Editor’s note: Jeff Allen has heard every employer excuse you can imagine for not paying up — and dozens more that defy imagination. A few years ago he began documenting them in a weekly collections column. Because of the importance of collections, Fordyce will periodically reprise the most common situations he addressed. The complete collection is here.

What Client Says:

You didn’t follow up on the referral.

How Client Pays:

Once you’ve disclosed contact information, you lose all control over the placement.

Where does your control — your power – come from? Contact information. That’s your inventory. Part with it, and you must get a receipt from the customer.

Documentation is even more important than when you’re dealing with the sale of goods, because the client and candidate are meeting. And you’re not invited. Then they marry. But no invitation to you.
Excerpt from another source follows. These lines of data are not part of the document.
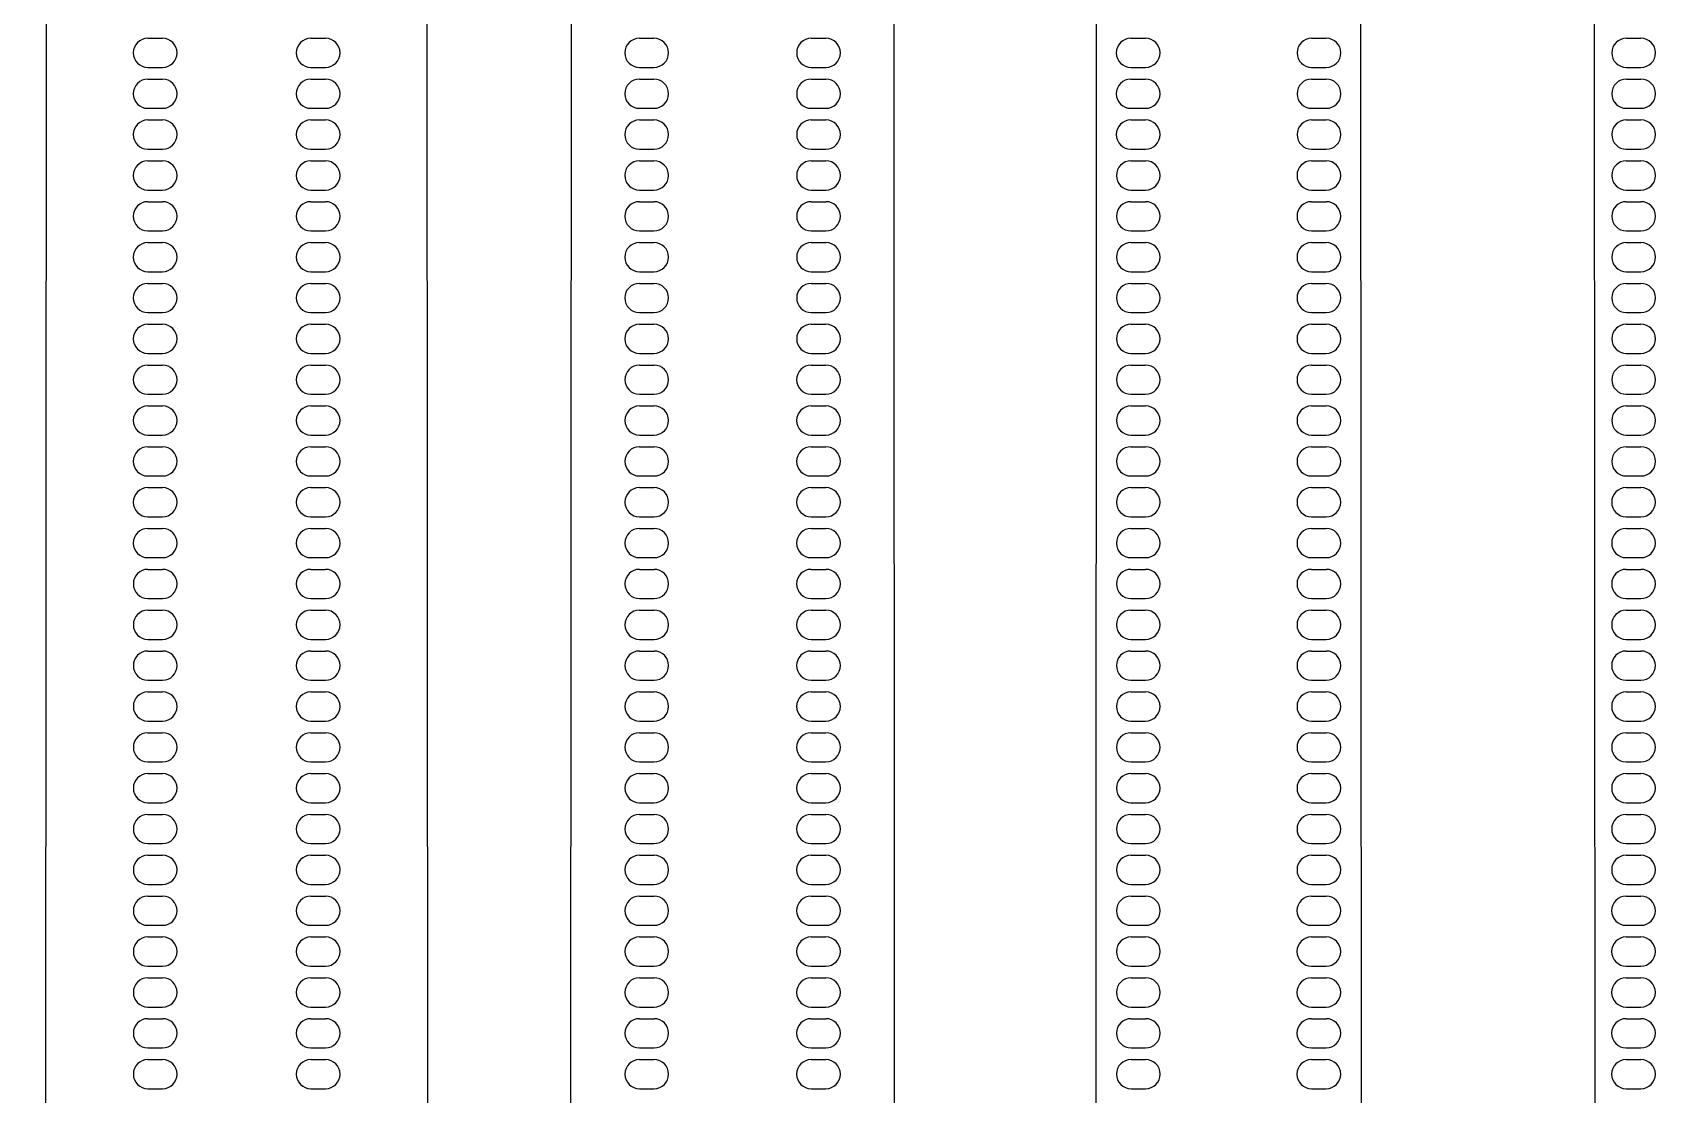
# Model space of a CAD drawing. Header units: millimetres. Extents: x -12.5 to 12.5, y -37.5 to 37.5.
# Drawn here: x -2.9 to -0.118, y 18.785 to 20.605 of the extents above; entities that cross this region are included whole.
import ezdxf

# ---------------------------------------------------------------- set-up
doc = ezdxf.new("R2010")
doc.units = ezdxf.units.MM

msp = doc.modelspace()

# ---------------------------------------------------------------- linework, layer by layer
at = {"color": 7, "linetype": 'Continuous'}
for p, q in [((-2.875, 24), (-2.9, -25)), ((-2.2, -25), (-2.225, 24)), ((-1.975, 24), (-2, -25)), ((-1.4, -25), (-1.425, 24)), ((-1.075, 24), (-1.1, -25)), ((-0.6, -25), (-0.625, 24)), ((-0.225, 24), (-0.2059, -13.45)), ((-2.7022, 20.595), (-2.6772, 20.595)), ((-2.4228, 20.595), (-2.3978, 20.595)), ((-1.8598, 20.595), (-1.8348, 20.595)), ((-1.5652, 20.595), (-1.5402, 20.595)), ((-1.0174, 20.595), (-0.9924, 20.595)), ((-0.7076, 20.595), (-0.6826, 20.595)), ((-0.1682, 20.595), (-0.1432, 20.595)), ((-2.7022, 20.545), (-2.6772, 20.545)), ((-2.4228, 20.545), (-2.3978, 20.545)), ((-1.8598, 20.545), (-1.8348, 20.545)), ((-1.5652, 20.545), (-1.5402, 20.545)), ((-1.0174, 20.545), (-0.9924, 20.545)), ((-0.7076, 20.545), (-0.6826, 20.545)), ((-0.1682, 20.545), (-0.1432, 20.545)), ((-2.7022, 20.525), (-2.6772, 20.525)), ((-2.4228, 20.525), (-2.3978, 20.525)), ((-1.8598, 20.525), (-1.8348, 20.525)), ((-1.5652, 20.525), (-1.5402, 20.525)), ((-1.0174, 20.525), (-0.9924, 20.525)), ((-0.7076, 20.525), (-0.6826, 20.525)), ((-0.1682, 20.525), (-0.1432, 20.525)), ((-2.7022, 20.475), (-2.6772, 20.475)), ((-2.4228, 20.475), (-2.3978, 20.475)), ((-1.8598, 20.475), (-1.8348, 20.475)), ((-1.5652, 20.475), (-1.5402, 20.475)), ((-1.0174, 20.475), (-0.9924, 20.475)), ((-0.7076, 20.475), (-0.6826, 20.475)), ((-0.1682, 20.475), (-0.1432, 20.475)), ((-2.7022, 20.455), (-2.6772, 20.455)), ((-2.4228, 20.455), (-2.3978, 20.455)), ((-1.8598, 20.455), (-1.8348, 20.455)), ((-1.5652, 20.455), (-1.5402, 20.455)), ((-1.0174, 20.455), (-0.9924, 20.455)), ((-0.7076, 20.455), (-0.6826, 20.455)), ((-0.1683, 20.455), (-0.1433, 20.455)), ((-2.7022, 20.405), (-2.6772, 20.405)), ((-2.4228, 20.405), (-2.3978, 20.405)), ((-1.8598, 20.405), (-1.8348, 20.405)), ((-1.5652, 20.405), (-1.5402, 20.405)), ((-1.0174, 20.405), (-0.9924, 20.405)), ((-0.7076, 20.405), (-0.6826, 20.405)), ((-0.1683, 20.405), (-0.1433, 20.405)), ((-2.7022, 20.385), (-2.6772, 20.385)), ((-2.4228, 20.385), (-2.3978, 20.385)), ((-1.8598, 20.385), (-1.8348, 20.385)), ((-1.5652, 20.385), (-1.5402, 20.385)), ((-1.0173, 20.385), (-0.9923, 20.385)), ((-0.7077, 20.385), (-0.6827, 20.385)), ((-0.1683, 20.385), (-0.1433, 20.385)), ((-2.7022, 20.335), (-2.6772, 20.335)), ((-2.4228, 20.335), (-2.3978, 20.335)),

Legally, this is known as prevention. The law recognizes that a party can’t interfere with performance of a contractual obligation, then use the failure to perform as a defense.

At this point, your “receipts” should be:

  1. Interview confirmations by email with the fee schedule attached. Don’t have a signature line on the schedule, because it will backfire when it’s not signed.
  2. Confirming emails from you to the client and candidate. Even though they’re not signed, your documentation will be better than nothing.
  3. Replies by email if you can get them It doesn’t matter whether they’re particularly nice. Even obscenities are fine, as long as they demonstrate your involvement.

Then these can be connected up with your sendout confirmations, debriefing notes, placement workups, etc.

Classic headhunter rhetoric is that you “make placements happen.” You do — but often by letting them happen after you’ve made the right match.

Just showing a client this documentation means a fast five-figure fee!